Nonetheless, providing a name for this repeated-measure allows SAS to calculate the "effects" of the repeated measures in this model.  The use of a variance-covariance structure like compound symmetry (for example, TYPE=CS in this code) or unrestricted (TYPE=UN) does not depend on whether the repeated measure is ordinal or nominal; use of an autoregressive-order-1 structure (TYPE=AR(1)) or a spatial covariance structure (TYPE=SP(etc.)) would be inappropriate when the repeated measure is nominal, as it appears to be here.

In summary, defining a new variable to distinguish repeated-measure observations within an animal is still worthwhile.

SteveDenham
Jade | Level 19

I wish I had a dollar for every time a researcher told me that anatomically there was no difference, so we can just ignore an experimental design factor.

Anyway, I think I would consider location as a random blocking effect, and treat this as a split-plot design.  If you have access to Littell et al.'s SAS System for Mixed Models, 2nd ed., there are some excellent examples there.  Additionally, I don't know if I would consider technique as a random effect, but it won't hurt, except to make the standard errors for the treatment means larger.  So, for the continuous response, how about:

proc glimmix data=yourdata method=quad; /* Start with quad, if it doesn't work, then try laplace, if it still doesn't work, then the default */

class animalid technique location treatment;

model response=treatment;

random intercept/subject=animalid;

random intercept/subject=location*animalid;

random intercept/subject=technique*location*animalid; /* I don't know about this one, as it looks like location and technique are completely confounded in the example data */

lsmeans treatment;

run;

and for the multinomial:

proc glimmix data=yourdata method=quad; /* Start with quad, if it doesn't work, then try laplace, if it still doesn't work, then the default */

class animalid technique location treatment;

model response2=treatment/dist=mult link=clogit;

random intercept/subject=animalid;

random intercept/subject=location*animalid;

random intercept/subject=technique*location*animalid; /* I don't know about this one, as it looks like location and technique are completely confounded in the example data */

lsmeans treatment/ilink;

run;

Make sure that the data are sorted by technique location animalid, so that the containment hierarchy is maintained.

Steve Denham

BlueNose
Quartz | Level 8

Thank you for your help, I put my hand on a copy of the book you recommended, will read it.

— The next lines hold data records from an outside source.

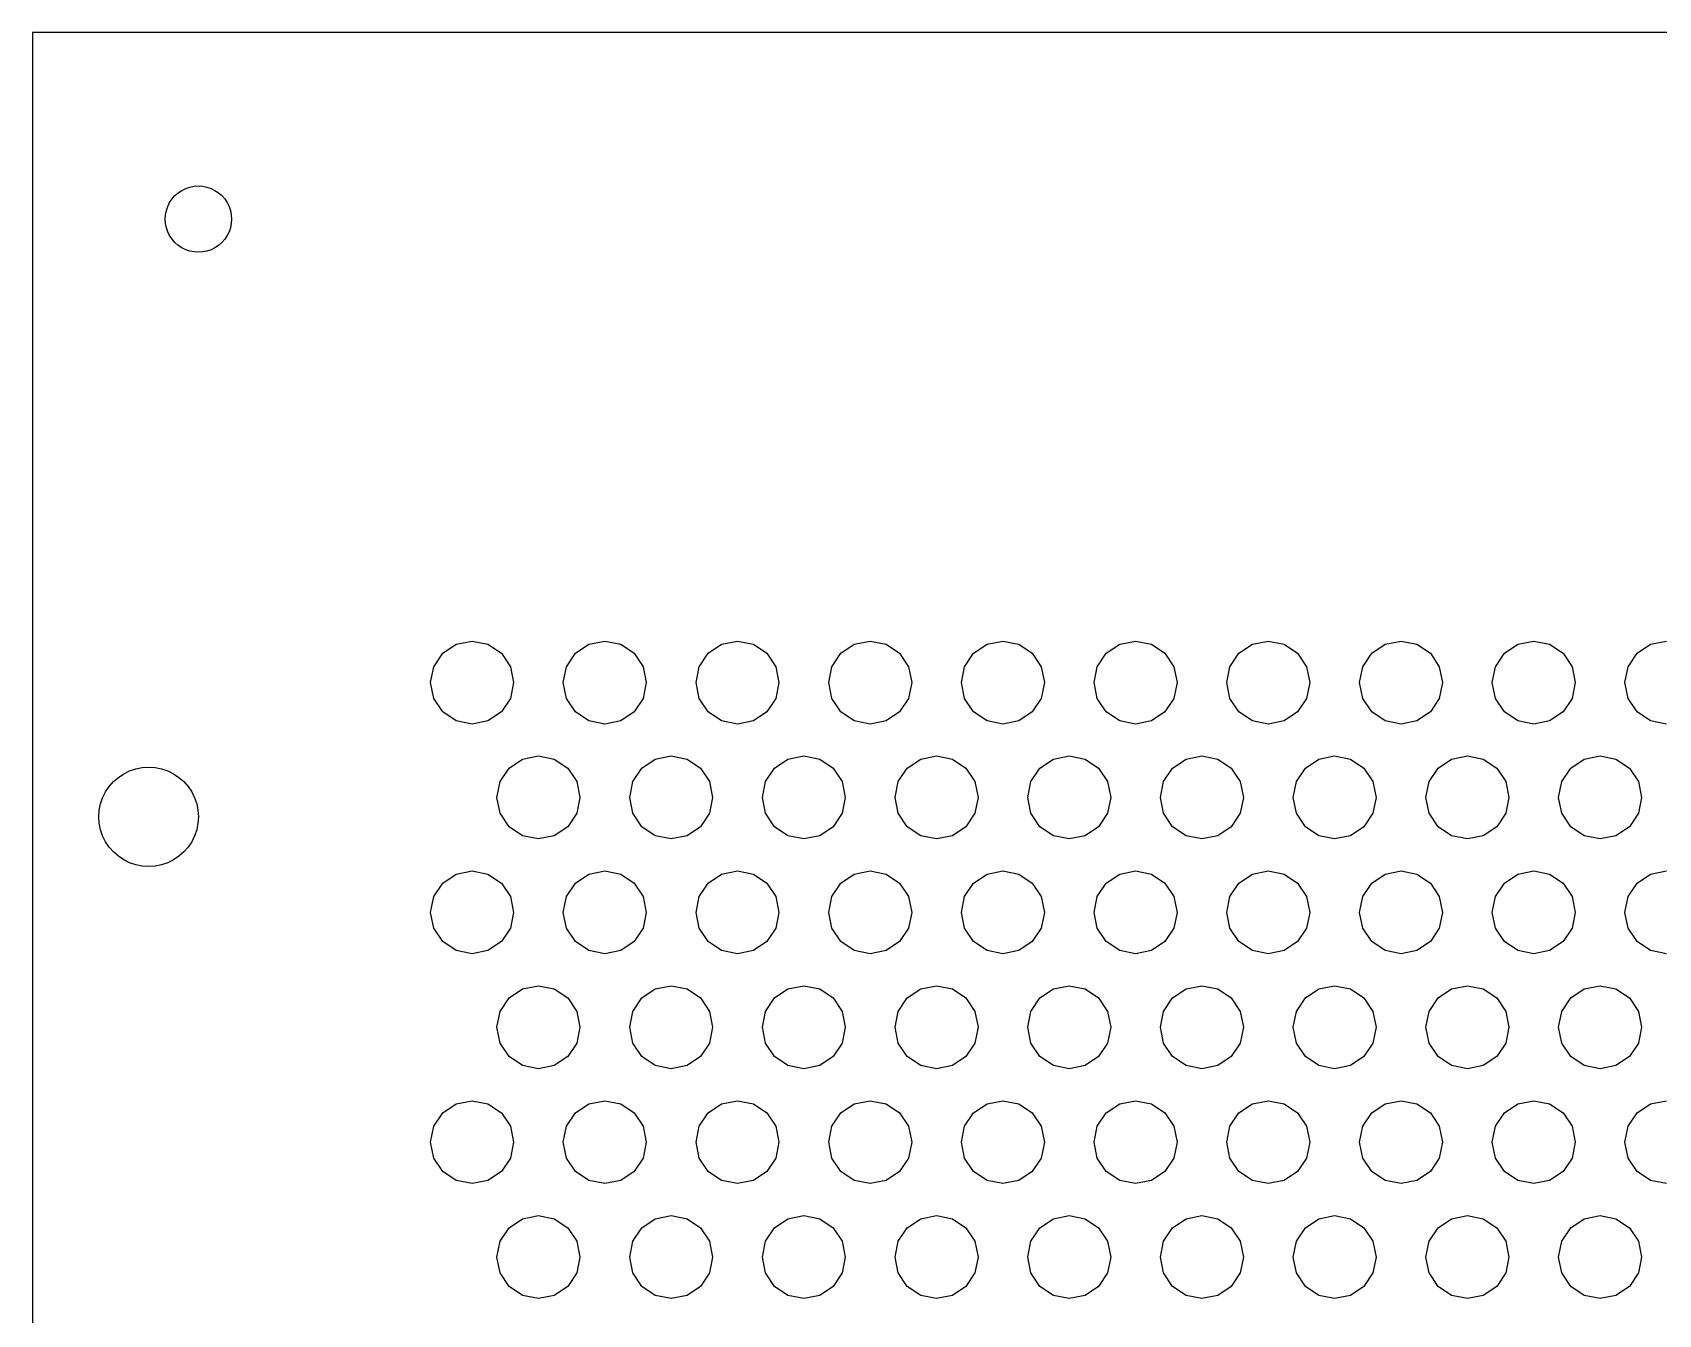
# Model space of a CAD drawing. Header units: metres. Extents: x 0 to 569, y 6 to 314.
# Drawn here: x 0 to 98, y 236.5 to 313.8 of the extents above; entities that cross this region are included whole.
import ezdxf

# ---------------------------------------------------------------- set-up
doc = ezdxf.new("R2010")
doc.units = ezdxf.units.M

msp = doc.modelspace()

# ---------------------------------------------------------------- linework, layer by layer
for p, q in [((568.62, 313.756), (0, 313.756)), ((0, 313.756), (0, 6)), ((8.4133, 303.724), (8.5858, 303.92)), ((8.5858, 303.92), (8.7825, 304.093)), ((8.7825, 304.093), (9, 304.238)), ((9, 304.238), (9.2346, 304.354)), ((9.2346, 304.354), (9.4824, 304.438)), ((9.4824, 304.438), (9.7389, 304.489)), ((9.7389, 304.489), (10, 304.506)), ((10, 304.506), (10.261, 304.489)), ((10.261, 304.489), (10.5176, 304.438)), ((10.5176, 304.438), (10.7654, 304.354)), ((10.7654, 304.354), (11, 304.238)), ((11, 304.238), (11.2175, 304.093)), ((11.2175, 304.093), (11.4142, 303.92)), ((11.4142, 303.92), (11.5867, 303.724)), ((8.0171, 302.767), (8.0681, 303.024)), ((8.0681, 303.024), (8.1522, 303.271)), ((8.1522, 303.271), (8.2679, 303.506)), ((8.2679, 303.506), (8.4133, 303.724)), ((11.5867, 303.724), (11.732, 303.506)), ((11.732, 303.506), (11.8477, 303.271)), ((11.8477, 303.271), (11.9318, 303.024)), ((11.9318, 303.024), (11.9829, 302.767)), ((8, 302.506), (8.0171, 302.767)), ((8.0171, 302.245), (8, 302.506)), ((8.0681, 301.988), (8.0171, 302.245)), ((8.1522, 301.741), (8.0681, 301.988)), ((11.9318, 301.988), (11.8477, 301.741)), ((11.9829, 302.245), (11.9318, 301.988)), ((11.9829, 302.767), (12, 302.506)), ((12, 302.506), (11.9829, 302.245)), ((8.2679, 301.506), (8.1522, 301.741)), ((8.4133, 301.289), (8.2679, 301.506)), ((8.5858, 301.092), (8.4133, 301.289)), ((8.7825, 300.919), (8.5858, 301.092)), ((11.4142, 301.092), (11.2175, 300.919)), ((11.5867, 301.289), (11.4142, 301.092)), ((11.732, 301.506), (11.5867, 301.289)), ((11.8477, 301.741), (11.732, 301.506)), ((9, 300.774), (8.7825, 300.919)), ((9.2346, 300.658), (9, 300.774)), ((9.4824, 300.574), (9.2346, 300.658)), ((9.7389, 300.523), (9.4824, 300.574)), ((10, 300.506), (9.7389, 300.523)), ((10.261, 300.523), (10, 300.506)), ((10.5176, 300.574), (10.261, 300.523)), ((10.7654, 300.658), (10.5176, 300.574)), ((11, 300.774), (10.7654, 300.658)), ((11.2175, 300.919), (11, 300.774)), ((24.7322, 276.327), (25.5433, 276.869)), ((25.5433, 276.869), (26.5, 277.059)), ((26.5, 277.059), (27.4567, 276.869)), ((27.4567, 276.869), (28.2678, 276.327)), ((32.7322, 276.327), (33.5433, 276.869)), ((33.5433, 276.869), (34.5, 277.059)), ((34.5, 277.059), (35.4567, 276.869)), ((35.4567, 276.869), (36.2678, 276.327)), ((40.7322, 276.327), (41.5433, 276.869)), ((41.5433, 276.869), (42.5, 277.059)), ((42.5, 277.059), (43.4567, 276.869)), ((43.4567, 276.869), (44.2678, 276.327)), ((48.7322, 276.327), (49.5433, 276.869)), ((49.5433, 276.869), (50.5, 277.059)), ((50.5, 277.059), (51.4567, 276.869)), ((51.4567, 276.869), (52.2678, 276.327)), ((56.7322, 276.327), (57.5433, 276.869)), ((57.5433, 276.869), (58.5, 277.059)), ((58.5, 277.059), (59.4567, 276.869)), ((59.4567, 276.869), (60.2678, 276.327)), ((64.7322, 276.327), (65.5433, 276.869)), ((65.5433, 276.869), (66.5, 277.059)), ((66.5, 277.059), (67.4567, 276.869)), ((67.4567, 276.869), (68.2678, 276.327)), ((72.7322, 276.327), (73.5433, 276.869)), ((73.5433, 276.869), (74.5, 277.059)), ((74.5, 277.059), (75.4567, 276.869)), ((75.4567, 276.869), (76.2678, 276.327)), ((80.7322, 276.327), (81.5433, 276.869)), ((81.5433, 276.869), (82.5, 277.059)), ((82.5, 277.059), (83.4567, 276.869)), ((83.4567, 276.869), (84.2678, 276.327)), ((88.7322, 276.327), (89.5433, 276.869)), ((89.5433, 276.869), (90.5, 277.059)), ((90.5, 277.059), (91.4567, 276.869)), ((91.4567, 276.869), (92.2678, 276.327)), ((96.7322, 276.327), (97.5433, 276.869)), ((97.5433, 276.869), (98.5, 277.059)), ((24, 274.559), (24.1903, 275.516)), ((24.1903, 275.516), (24.7322, 276.327)), ((28.2678, 276.327), (28.8097, 275.516)), ((28.8097, 275.516), (29, 274.559)), ((32, 274.559), (32.1903, 275.516)), ((32.1903, 275.516), (32.7322, 276.327)), ((36.2678, 276.327), (36.8097, 275.516)), ((36.8097, 275.516), (37, 274.559)), ((40, 274.559), (40.1903, 275.516)), ((40.1903, 275.516), (40.7322, 276.327)), ((44.2678, 276.327), (44.8097, 275.516)), ((44.8097, 275.516), (45, 274.559)), ((48, 274.559), (48.1903, 275.516)), ((48.1903, 275.516), (48.7322, 276.327)), ((52.2678, 276.327), (52.8097, 275.516)), ((52.8097, 275.516), (53, 274.559)), ((56, 274.559), (56.1903, 275.516)), ((56.1903, 275.516), (56.7322, 276.327)), ((60.2678, 276.327), (60.8097, 275.516)), ((60.8097, 275.516), (61, 274.559)), ((64, 274.559), (64.1903, 275.516)), ((64.1903, 275.516), (64.7322, 276.327)), ((68.2678, 276.327), (68.8097, 275.516)), ((68.8097, 275.516), (69, 274.559)), ((72, 274.559), (72.1903, 275.516)), ((72.1903, 275.516), (72.7322, 276.327)), ((76.2678, 276.327), (76.8097, 275.516)), ((76.8097, 275.516), (77, 274.559)), ((80, 274.559), (80.1903, 275.516)), ((80.1903, 275.516), (80.7322, 276.327)), ((84.2678, 276.327), (84.8097, 275.516)), ((84.8097, 275.516), (85, 274.559)), ((88, 274.559), (88.1903, 275.516)), ((88.1903, 275.516), (88.7322, 276.327)), ((92.2678, 276.327), (92.8097, 275.516)), ((92.8097, 275.516), (93, 274.559)), ((96, 274.559), (96.1903, 275.516)), ((96.1903, 275.516), (96.7322, 276.327)), ((24.1903, 273.602), (24, 274.559)), ((29, 274.559), (28.8097, 273.602)), ((32.1903, 273.602), (32, 274.559)), ((37, 274.559), (36.8097, 273.602)), ((40.1903, 273.602), (40, 274.559)), ((45, 274.559), (44.8097, 273.602)), ((48.1903, 273.602), (48, 274.559)), ((53, 274.559), (52.8097, 273.602)), ((56.1903, 273.602), (56, 274.559)), ((61, 274.559), (60.8097, 273.602)), ((64.1903, 273.602), (64, 274.559)), ((69, 274.559), (68.8097, 273.602)), ((72.1903, 273.602), (72, 274.559)), ((77, 274.559), (76.8097, 273.602)), ((80.1903, 273.602), (80, 274.559)), ((85, 274.559), (84.8097, 273.602)), ((88.1903, 273.602), (88, 274.559)), ((93, 274.559), (92.8097, 273.602)), ((96.1903, 273.602), (96, 274.559)), ((24.7322, 272.791), (24.1903, 273.602)), ((28.8097, 273.602), (28.2678, 272.791)), ((32.7322, 272.791), (32.1903, 273.602)), ((36.8097, 273.602), (36.2678, 272.791)), ((40.7322, 272.791), (40.1903, 273.602)), ((44.8097, 273.602), (44.2678, 272.791)), ((48.7322, 272.791), (48.1903, 273.602)), ((52.8097, 273.602), (52.2678, 272.791)), ((56.7322, 272.791), (56.1903, 273.602)), ((60.8097, 273.602), (60.2678, 272.791)), ((64.7322, 272.791), (64.1903, 273.602)), ((68.8097, 273.602), (68.2678, 272.791)), ((72.7322, 272.791), (72.1903, 273.602)), ((76.8097, 273.602), (76.2678, 272.791)), ((80.7322, 272.791), (80.1903, 273.602)), ((84.8097, 273.602), (84.2678, 272.791)), ((88.7322, 272.791), (88.1903, 273.602)), ((92.8097, 273.602), (92.2678, 272.791)), ((96.7322, 272.791), (96.1903, 273.602)), ((25.5433, 272.249), (24.7322, 272.791)), ((28.2678, 272.791), (27.4567, 272.249)), ((33.5433, 272.249), (32.7322, 272.791)), ((36.2678, 272.791), (35.4567, 272.249)), ((41.5433, 272.249), (40.7322, 272.791)), ((44.2678, 272.791), (43.4567, 272.249)), ((49.5433, 272.249), (48.7322, 272.791)), ((52.2678, 272.791), (51.4567, 272.249)), ((57.5433, 272.249), (56.7322, 272.791)), ((60.2678, 272.791), (59.4567, 272.249)), ((65.5433, 272.249), (64.7322, 272.791)), ((68.2678, 272.791), (67.4567, 272.249)), ((73.5433, 272.249), (72.7322, 272.791)), ((76.2678, 272.791), (75.4567, 272.249)), ((81.5433, 272.249), (80.7322, 272.791)), ((84.2678, 272.791), (83.4567, 272.249)), ((89.5433, 272.249), (88.7322, 272.791)), ((92.2678, 272.791), (91.4567, 272.249)), ((97.5433, 272.249), (96.7322, 272.791)), ((26.5, 272.059), (25.5433, 272.249)), ((27.4567, 272.249), (26.5, 272.059)), ((34.5, 272.059), (33.5433, 272.249)), ((35.4567, 272.249), (34.5, 272.059)), ((42.5, 272.059), (41.5433, 272.249)), ((43.4567, 272.249), (42.5, 272.059)), ((50.5, 272.059), (49.5433, 272.249)), ((51.4567, 272.249), (50.5, 272.059)), ((58.5, 272.059), (57.5433, 272.249)), ((59.4567, 272.249), (58.5, 272.059)), ((66.5, 272.059), (65.5433, 272.249)), ((67.4567, 272.249), (66.5, 272.059)), ((74.5, 272.059), (73.5433, 272.249)), ((75.4567, 272.249), (74.5, 272.059)), ((82.5, 272.059), (81.5433, 272.249)), ((83.4567, 272.249), (82.5, 272.059)), ((90.5, 272.059), (89.5433, 272.249)), ((91.4567, 272.249), (90.5, 272.059)), ((98.5, 272.059), (97.5433, 272.249)), ((28.7322, 269.398), (29.5433, 269.94)), ((29.5433, 269.94), (30.5, 270.131)), ((30.5, 270.131), (31.4567, 269.94)), ((31.4567, 269.94), (32.2678, 269.398)), ((36.7322, 269.398), (37.5433, 269.94)), ((37.5433, 269.94), (38.5, 270.131)), ((38.5, 270.131), (39.4567, 269.94)), ((39.4567, 269.94), (40.2678, 269.398)), ((44.7322, 269.398), (45.5433, 269.94)), ((45.5433, 269.94), (46.5, 270.131)), ((46.5, 270.131), (47.4567, 269.94)), ((47.4567, 269.94), (48.2678, 269.398)), ((52.7322, 269.398), (53.5433, 269.94)), ((53.5433, 269.94), (54.5, 270.131)), ((54.5, 270.131), (55.4567, 269.94)), ((55.4567, 269.94), (56.2678, 269.398)), ((60.7322, 269.398), (61.5433, 269.94)), ((61.5433, 269.94), (62.5, 270.131)), ((62.5, 270.131), (63.4567, 269.94)), ((63.4567, 269.94), (64.2678, 269.398)), ((68.7322, 269.398), (69.5433, 269.94)), ((69.5433, 269.94), (70.5, 270.131)), ((70.5, 270.131), (71.4567, 269.94)), ((71.4567, 269.94), (72.2678, 269.398)), ((76.7322, 269.398), (77.5433, 269.94)), ((77.5433, 269.94), (78.5, 270.131)), ((78.5, 270.131), (79.4567, 269.94)), ((79.4567, 269.94), (80.2678, 269.398)), ((84.7322, 269.398), (85.5433, 269.94)), ((85.5433, 269.94), (86.5, 270.131)), ((86.5, 270.131), (87.4567, 269.94)), ((87.4567, 269.94), (88.2678, 269.398)), ((92.7322, 269.398), (93.5433, 269.94)), ((93.5433, 269.94), (94.5, 270.131)), ((94.5, 270.131), (95.4567, 269.94)), ((95.4567, 269.94), (96.2678, 269.398)), ((4.6199, 268.29), (4.8787, 268.585)), ((4.8787, 268.585), (5.1737, 268.843)), ((5.1737, 268.843), (5.5, 269.061)), ((5.5, 269.061), (5.8519, 269.235)), ((5.8519, 269.235), (6.2235, 269.361)), ((6.2235, 269.361), (6.6084, 269.438)), ((6.6084, 269.438), (7, 269.463)), ((7, 269.463), (7.3916, 269.438)), ((7.3916, 269.438), (7.7764, 269.361)), ((7.7764, 269.361), (8.148, 269.235)), ((8.148, 269.235), (8.5, 269.061)), ((8.5, 269.061), (8.8263, 268.843)), ((8.8263, 268.843), (9.1213, 268.585)), ((9.1213, 268.585), (9.3801, 268.29)), ((28, 267.631), (28.1903, 268.587)), ((28.1903, 268.587), (28.7322, 269.398)), ((32.2678, 269.398), (32.8097, 268.587)), ((32.8097, 268.587), (33, 267.631)), ((36, 267.631), (36.1903, 268.587)), ((36.1903, 268.587), (36.7322, 269.398)), ((40.2678, 269.398), (40.8097, 268.587)), ((40.8097, 268.587), (41, 267.631)), ((44, 267.631), (44.1903, 268.587)), ((44.1903, 268.587), (44.7322, 269.398)), ((48.2678, 269.398), (48.8097, 268.587)), ((48.8097, 268.587), (49, 267.631)), ((52, 267.631), (52.1903, 268.587)), ((52.1903, 268.587), (52.7322, 269.398)), ((56.2678, 269.398), (56.8097, 268.587)), ((56.8097, 268.587), (57, 267.631)), ((60, 267.631), (60.1903, 268.587)), ((60.1903, 268.587), (60.7322, 269.398)), ((64.2678, 269.398), (64.8097, 268.587)), ((64.8097, 268.587), (65, 267.631)), ((68, 267.631), (68.1903, 268.587)), ((68.1903, 268.587), (68.7322, 269.398)), ((72.2678, 269.398), (72.8097, 268.587)), ((72.8097, 268.587), (73, 267.631)), ((76, 267.631), (76.1903, 268.587)), ((76.1903, 268.587), (76.7322, 269.398)), ((80.2678, 269.398), (80.8097, 268.587)), ((80.8097, 268.587), (81, 267.631)), ((84, 267.631), (84.1903, 268.587)), ((84.1903, 268.587), (84.7322, 269.398)), ((88.2678, 269.398), (88.8097, 268.587)), ((88.8097, 268.587), (89, 267.631)), ((92, 267.631), (92.1903, 268.587)), ((92.1903, 268.587), (92.7322, 269.398)), ((96.2678, 269.398), (96.8097, 268.587)), ((96.8097, 268.587), (97, 267.631)), ((4.1022, 267.24), (4.2283, 267.611)), ((4.2283, 267.611), (4.4019, 267.963)), ((4.4019, 267.963), (4.6199, 268.29)), ((9.3801, 268.29), (9.5981, 267.963)), ((9.5981, 267.963), (9.7716, 267.611)), ((9.7716, 267.611), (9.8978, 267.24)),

I ran the suggested code and I have a few outputs.

First of all, in the ordinal case, SAS tells me I cannot ask for least square means, so I had to give it up. The exact error was:  "Least-squares means are not available for the multinomial distribution"

So I ran this code:

proc glimmix data=Animaldata method=quad;

  class AnimalID Technique Location Treatment;

  model Response=Treatment/dist=mult link=clogit;

  random intercept/subject=AnimalID;

  random intercept/subject=Location*AnimalID;

  random intercept/subject=Technique*Location*AnimalID;

  * lsmeans Treatment/ilink;

run;

The output I got was:

G-Side covariance parameters=3, columns in X=8, Columns in Z per subject = 5, subjects=26, max observations per subject=4 ; parameters in optimization=10, lower boundaries =3, upper boundaries=0, fixed effect=not profiled, quadrature points=5

Convergence criterion (GCONV=1E-8) satisfied

Estimated G matrix is not positive definite.

AIC = 164.3, AICC=167.5

-2 LOG L = 121.07

Covariance parameter estimates:

AnimalID = 0 (no S.E)

AnimalID*Location = 1.11 (S.E 1.41)

AnimalID*Location*Technique = 0.204 (no S.E)

Type III:

F=7.15 P.V=0.003

In order to get LSmeans I ran it again treating the response as Gaussian, and I got different covariance parameters (0,0.21,0.04 respectively), the F value was higher (25.88).  The least square means were 0.3,1.8,3.1 for treatments 1,2 and 3 respectively.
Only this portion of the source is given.